═════ DATA EXCERPTS
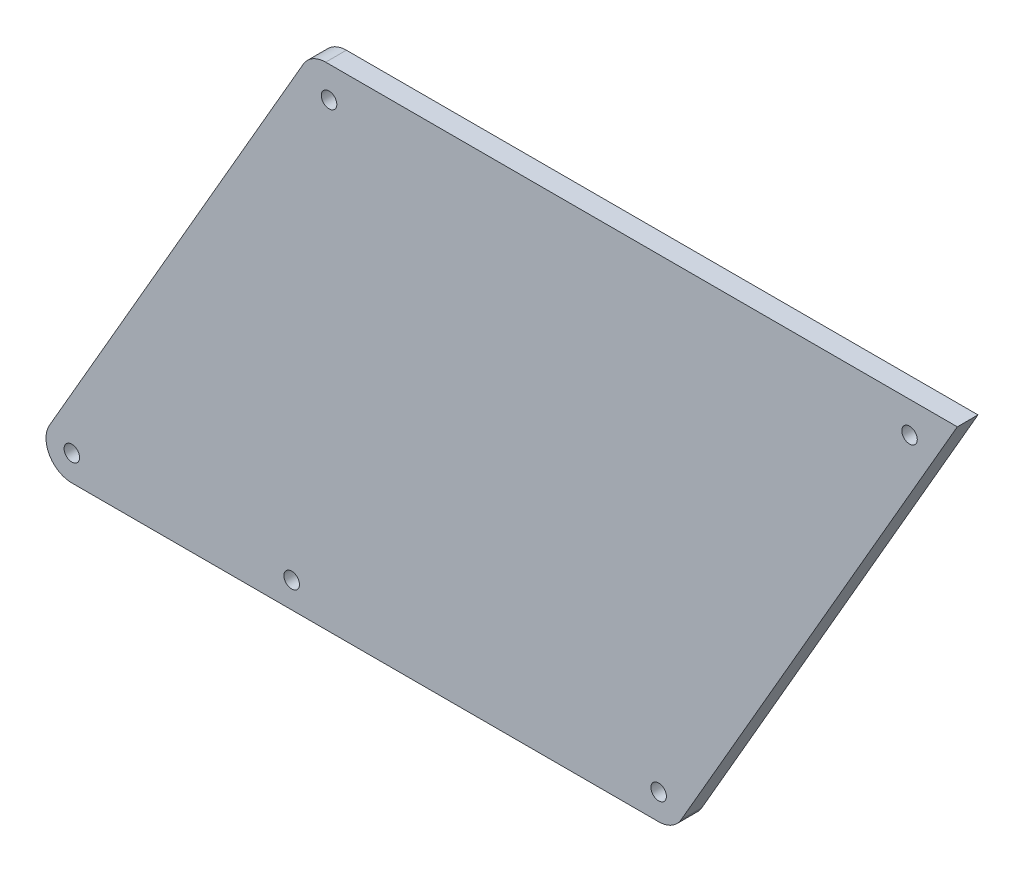
ISO-10303-21;
HEADER;
FILE_DESCRIPTION(('STEP AP214'),'2;1');
FILE_NAME('part.step','',(''),(''),'','','');
FILE_SCHEMA(('AUTOMOTIVE_DESIGN { 1 0 10303 214 1 1 1 1 }'));
ENDSEC;
DATA;
#1=APPLICATION_CONTEXT('core data for automotive mechanical design processes');
#2=APPLICATION_PROTOCOL_DEFINITION('international standard','automotive_design',2000,#1);
#3=PRODUCT_CONTEXT('',#1,'mechanical');
#4=PRODUCT('Part','Part','',(#3));
#5=PRODUCT_RELATED_PRODUCT_CATEGORY('part','',(#4));
#6=PRODUCT_DEFINITION_FORMATION('','',#4);
#7=PRODUCT_DEFINITION_CONTEXT('part definition',#1,'design');
#8=PRODUCT_DEFINITION('design','',#6,#7);
#9=PRODUCT_DEFINITION_SHAPE('','',#8);
#10=(LENGTH_UNIT() NAMED_UNIT(*) SI_UNIT(.MILLI.,.METRE.));
#11=(NAMED_UNIT(*) PLANE_ANGLE_UNIT() SI_UNIT($,.RADIAN.));
#12=(NAMED_UNIT(*) SI_UNIT($,.STERADIAN.) SOLID_ANGLE_UNIT());
#13=UNCERTAINTY_MEASURE_WITH_UNIT(LENGTH_MEASURE(1.E-05),#10,'distance_accuracy_value','');
#14=(GEOMETRIC_REPRESENTATION_CONTEXT(3) GLOBAL_UNCERTAINTY_ASSIGNED_CONTEXT((#13)) GLOBAL_UNIT_ASSIGNED_CONTEXT((#10,
#11,#12)) REPRESENTATION_CONTEXT('',''));
#15=CARTESIAN_POINT('',(0.,0.,0.));
#16=DIRECTION('',(0.,0.,1.));
#17=DIRECTION('',(1.,0.,0.));
#18=AXIS2_PLACEMENT_3D('',#15,#16,#17);
#19=CARTESIAN_POINT('',(5.77350269189623,-10.,8.));
#20=DIRECTION('',(0.,0.,-1.));
#21=DIRECTION('',(-1.,0.,0.));
#22=AXIS2_PLACEMENT_3D('',#19,#20,#21);
#23=CYLINDRICAL_SURFACE('',#22,10.);
#24=CARTESIAN_POINT('',(5.77350269189623,-10.,0.));
#25=DIRECTION('',(0.,0.,1.));
#26=DIRECTION('',(-1.,0.,0.));
#27=AXIS2_PLACEMENT_3D('',#24,#25,#26);
#28=CIRCLE('',#27,10.);
#29=CARTESIAN_POINT('',(5.77350269189623,0.,0.));
#30=VERTEX_POINT('',#29);
#31=CARTESIAN_POINT('',(-2.88675134594814,-4.99999999999996,0.));
#32=VERTEX_POINT('',#31);
#33=EDGE_CURVE('E129',#30,#32,#28,.T.);
#34=ORIENTED_EDGE('',*,*,#33,.T.);
#35=DIRECTION('',(0.,0.,-1.));
#36=VECTOR('',#35,1.);
#37=CARTESIAN_POINT('',(-2.88675134594814,-4.99999999999996,8.));
#38=LINE('',#37,#36);
#39=CARTESIAN_POINT('',(-2.88675134594814,-4.99999999999996,8.));
#40=VERTEX_POINT('',#39);
#41=EDGE_CURVE('E11',#40,#32,#38,.T.);
#42=ORIENTED_EDGE('',*,*,#41,.F.);
#43=CARTESIAN_POINT('',(5.77350269189623,-10.,8.));
#44=DIRECTION('',(0.,0.,1.));
#45=DIRECTION('',(-1.,0.,0.));
#46=AXIS2_PLACEMENT_3D('',#43,#44,#45);
#47=CIRCLE('',#46,10.);
#48=CARTESIAN_POINT('',(5.77350269189623,0.,8.));
#49=VERTEX_POINT('',#48);
#50=EDGE_CURVE('E142',#49,#40,#47,.T.);
#51=ORIENTED_EDGE('',*,*,#50,.F.);
#52=DIRECTION('',(0.,0.,-1.));
#53=VECTOR('',#52,1.);
#54=CARTESIAN_POINT('',(5.77350269189623,0.,8.));
#55=LINE('',#54,#53);
#56=EDGE_CURVE('E125',#49,#30,#55,.T.);
#57=ORIENTED_EDGE('',*,*,#56,.T.);
#58=EDGE_LOOP('',(#34,#42,#51,#57));
#59=FACE_BOUND('',#58,.T.);
#60=ADVANCED_FACE('F39',(#59),#23,.T.);
#61=CARTESIAN_POINT('',(-2.88675134594814,-4.99999999999996,8.));
#62=DIRECTION('',(0.866025403784436,-0.500000000000004,0.));
#63=DIRECTION('',(0.500000000000004,0.866025403784436,0.));
#64=AXIS2_PLACEMENT_3D('',#61,#62,#63);
#65=PLANE('',#64);
#66=DIRECTION('',(-0.500000000000004,-0.866025403784436,0.));
#67=VECTOR('',#66,1.);
#68=CARTESIAN_POINT('',(-2.88675134594814,-4.99999999999996,0.));
#69=LINE('',#68,#67);
#70=CARTESIAN_POINT('',(-101.036297108186,-175.,0.));
#71=VERTEX_POINT('',#70);
#72=EDGE_CURVE('E132',#32,#71,#69,.T.);
#73=ORIENTED_EDGE('',*,*,#72,.T.);
#74=DIRECTION('',(0.,0.,-1.));
#75=VECTOR('',#74,1.);
#76=CARTESIAN_POINT('',(-101.036297108186,-175.,8.));
#77=LINE('',#76,#75);
#78=CARTESIAN_POINT('',(-101.036297108186,-175.,8.));
#79=VERTEX_POINT('',#78);
#80=EDGE_CURVE('E47',#79,#71,#77,.T.);
#81=ORIENTED_EDGE('',*,*,#80,.F.);
#82=DIRECTION('',(-0.500000000000004,-0.866025403784436,0.));
#83=VECTOR('',#82,1.);
#84=CARTESIAN_POINT('',(-2.88675134594814,-4.99999999999996,8.));
#85=LINE('',#84,#83);
#86=EDGE_CURVE('E95',#40,#79,#85,.T.);
#87=ORIENTED_EDGE('',*,*,#86,.F.);
#88=ORIENTED_EDGE('',*,*,#41,.T.);
#89=EDGE_LOOP('',(#73,#81,#87,#88));
#90=FACE_BOUND('',#89,.T.);
#91=ADVANCED_FACE('F220',(#90),#65,.F.);
#92=CARTESIAN_POINT('',(-92.3760430703412,-180.,8.));
#93=DIRECTION('',(0.,0.,-1.));
#94=DIRECTION('',(-1.,0.,0.));
#95=AXIS2_PLACEMENT_3D('',#92,#93,#94);
#96=CYLINDRICAL_SURFACE('',#95,10.);
#97=CARTESIAN_POINT('',(-92.3760430703412,-180.,0.));
#98=DIRECTION('',(0.,0.,1.));
#99=DIRECTION('',(1.,0.,0.));
#100=AXIS2_PLACEMENT_3D('',#97,#98,#99);
#101=CIRCLE('',#100,10.);
#102=CARTESIAN_POINT('',(-92.3760430703412,-190.,0.));
#103=VERTEX_POINT('',#102);
#104=EDGE_CURVE('E135',#71,#103,#101,.T.);
#105=ORIENTED_EDGE('',*,*,#104,.T.);
#106=DIRECTION('',(0.,0.,-1.));
#107=VECTOR('',#106,1.);
#108=CARTESIAN_POINT('',(-92.3760430703412,-190.,8.));
#109=LINE('',#108,#107);
#110=CARTESIAN_POINT('',(-92.3760430703412,-190.,8.));
#111=VERTEX_POINT('',#110);
#112=EDGE_CURVE('E146',#111,#103,#109,.T.);
#113=ORIENTED_EDGE('',*,*,#112,.F.);
#114=CARTESIAN_POINT('',(-92.3760430703412,-180.,8.));
#115=DIRECTION('',(0.,0.,1.));
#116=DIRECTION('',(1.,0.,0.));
══════════
» WORK ITEM:
Pictures are to be left out; everything else in the records gets retyped exactly.

» THE ANSWER:
ISO-10303-21;
HEADER;
FILE_DESCRIPTION(('STEP AP214'),'2;1');
FILE_NAME('part.step','',(''),(''),'','','');
FILE_SCHEMA(('AUTOMOTIVE_DESIGN { 1 0 10303 214 1 1 1 1 }'));
ENDSEC;
DATA;
#1=APPLICATION_CONTEXT('core data for automotive mechanical design processes');
#2=APPLICATION_PROTOCOL_DEFINITION('international standard','automotive_design',2000,#1);
#3=PRODUCT_CONTEXT('',#1,'mechanical');
#4=PRODUCT('Part','Part','',(#3));
#5=PRODUCT_RELATED_PRODUCT_CATEGORY('part','',(#4));
#6=PRODUCT_DEFINITION_FORMATION('','',#4);
#7=PRODUCT_DEFINITION_CONTEXT('part definition',#1,'design');
#8=PRODUCT_DEFINITION('design','',#6,#7);
#9=PRODUCT_DEFINITION_SHAPE('','',#8);
#10=(LENGTH_UNIT() NAMED_UNIT(*) SI_UNIT(.MILLI.,.METRE.));
#11=(NAMED_UNIT(*) PLANE_ANGLE_UNIT() SI_UNIT($,.RADIAN.));
#12=(NAMED_UNIT(*) SI_UNIT($,.STERADIAN.) SOLID_ANGLE_UNIT());
#13=UNCERTAINTY_MEASURE_WITH_UNIT(LENGTH_MEASURE(1.E-05),#10,'distance_accuracy_value','');
#14=(GEOMETRIC_REPRESENTATION_CONTEXT(3) GLOBAL_UNCERTAINTY_ASSIGNED_CONTEXT((#13)) GLOBAL_UNIT_ASSIGNED_CONTEXT((#10,
#11,#12)) REPRESENTATION_CONTEXT('',''));
#15=CARTESIAN_POINT('',(0.,0.,0.));
#16=DIRECTION('',(0.,0.,1.));
#17=DIRECTION('',(1.,0.,0.));
#18=AXIS2_PLACEMENT_3D('',#15,#16,#17);
#19=CARTESIAN_POINT('',(5.77350269189623,-10.,8.));
#20=DIRECTION('',(0.,0.,-1.));
#21=DIRECTION('',(-1.,0.,0.));
#22=AXIS2_PLACEMENT_3D('',#19,#20,#21);
#23=CYLINDRICAL_SURFACE('',#22,10.);
#24=CARTESIAN_POINT('',(5.77350269189623,-10.,0.));
#25=DIRECTION('',(0.,0.,1.));
#26=DIRECTION('',(-1.,0.,0.));
#27=AXIS2_PLACEMENT_3D('',#24,#25,#26);
#28=CIRCLE('',#27,10.);
#29=CARTESIAN_POINT('',(5.77350269189623,0.,0.));
#30=VERTEX_POINT('',#29);
#31=CARTESIAN_POINT('',(-2.88675134594814,-4.99999999999996,0.));
#32=VERTEX_POINT('',#31);
#33=EDGE_CURVE('E129',#30,#32,#28,.T.);
#34=ORIENTED_EDGE('',*,*,#33,.T.);
#35=DIRECTION('',(0.,0.,-1.));
#36=VECTOR('',#35,1.);
#37=CARTESIAN_POINT('',(-2.88675134594814,-4.99999999999996,8.));
#38=LINE('',#37,#36);
#39=CARTESIAN_POINT('',(-2.88675134594814,-4.99999999999996,8.));
#40=VERTEX_POINT('',#39);
#41=EDGE_CURVE('E11',#40,#32,#38,.T.);
#42=ORIENTED_EDGE('',*,*,#41,.F.);
#43=CARTESIAN_POINT('',(5.77350269189623,-10.,8.));
#44=DIRECTION('',(0.,0.,1.));
#45=DIRECTION('',(-1.,0.,0.));
#46=AXIS2_PLACEMENT_3D('',#43,#44,#45);
#47=CIRCLE('',#46,10.);
#48=CARTESIAN_POINT('',(5.77350269189623,0.,8.));
#49=VERTEX_POINT('',#48);
#50=EDGE_CURVE('E142',#49,#40,#47,.T.);
#51=ORIENTED_EDGE('',*,*,#50,.F.);
#52=DIRECTION('',(0.,0.,-1.));
#53=VECTOR('',#52,1.);
#54=CARTESIAN_POINT('',(5.77350269189623,0.,8.));
#55=LINE('',#54,#53);
#56=EDGE_CURVE('E125',#49,#30,#55,.T.);
#57=ORIENTED_EDGE('',*,*,#56,.T.);
#58=EDGE_LOOP('',(#34,#42,#51,#57));
#59=FACE_BOUND('',#58,.T.);
#60=ADVANCED_FACE('F39',(#59),#23,.T.);
#61=CARTESIAN_POINT('',(-2.88675134594814,-4.99999999999996,8.));
#62=DIRECTION('',(0.866025403784436,-0.500000000000004,0.));
#63=DIRECTION('',(0.500000000000004,0.866025403784436,0.));
#64=AXIS2_PLACEMENT_3D('',#61,#62,#63);
#65=PLANE('',#64);
#66=DIRECTION('',(-0.500000000000004,-0.866025403784436,0.));
#67=VECTOR('',#66,1.);
#68=CARTESIAN_POINT('',(-2.88675134594814,-4.99999999999996,0.));
#69=LINE('',#68,#67);
#70=CARTESIAN_POINT('',(-101.036297108186,-175.,0.));
#71=VERTEX_POINT('',#70);
#72=EDGE_CURVE('E132',#32,#71,#69,.T.);
#73=ORIENTED_EDGE('',*,*,#72,.T.);
#74=DIRECTION('',(0.,0.,-1.));
#75=VECTOR('',#74,1.);
#76=CARTESIAN_POINT('',(-101.036297108186,-175.,8.));
#77=LINE('',#76,#75);
#78=CARTESIAN_POINT('',(-101.036297108186,-175.,8.));
#79=VERTEX_POINT('',#78);
#80=EDGE_CURVE('E47',#79,#71,#77,.T.);
#81=ORIENTED_EDGE('',*,*,#80,.F.);
#82=DIRECTION('',(-0.500000000000004,-0.866025403784436,0.));
#83=VECTOR('',#82,1.);
#84=CARTESIAN_POINT('',(-2.88675134594814,-4.99999999999996,8.));
#85=LINE('',#84,#83);
#86=EDGE_CURVE('E95',#40,#79,#85,.T.);
#87=ORIENTED_EDGE('',*,*,#86,.F.);
#88=ORIENTED_EDGE('',*,*,#41,.T.);
#89=EDGE_LOOP('',(#73,#81,#87,#88));
#90=FACE_BOUND('',#89,.T.);
#91=ADVANCED_FACE('F220',(#90),#65,.F.);
#92=CARTESIAN_POINT('',(-92.3760430703412,-180.,8.));
#93=DIRECTION('',(0.,0.,-1.));
#94=DIRECTION('',(-1.,0.,0.));
#95=AXIS2_PLACEMENT_3D('',#92,#93,#94);
#96=CYLINDRICAL_SURFACE('',#95,10.);
#97=CARTESIAN_POINT('',(-92.3760430703412,-180.,0.));
#98=DIRECTION('',(0.,0.,1.));
#99=DIRECTION('',(1.,0.,0.));
#100=AXIS2_PLACEMENT_3D('',#97,#98,#99);
#101=CIRCLE('',#100,10.);
#102=CARTESIAN_POINT('',(-92.3760430703412,-190.,0.));
#103=VERTEX_POINT('',#102);
#104=EDGE_CURVE('E135',#71,#103,#101,.T.);
#105=ORIENTED_EDGE('',*,*,#104,.T.);
#106=DIRECTION('',(0.,0.,-1.));
#107=VECTOR('',#106,1.);
#108=CARTESIAN_POINT('',(-92.3760430703412,-190.,8.));
#109=LINE('',#108,#107);
#110=CARTESIAN_POINT('',(-92.3760430703412,-190.,8.));
#111=VERTEX_POINT('',#110);
#112=EDGE_CURVE('E146',#111,#103,#109,.T.);
#113=ORIENTED_EDGE('',*,*,#112,.F.);
#114=CARTESIAN_POINT('',(-92.3760430703412,-180.,8.));
#115=DIRECTION('',(0.,0.,1.));
#116=DIRECTION('',(1.,0.,0.));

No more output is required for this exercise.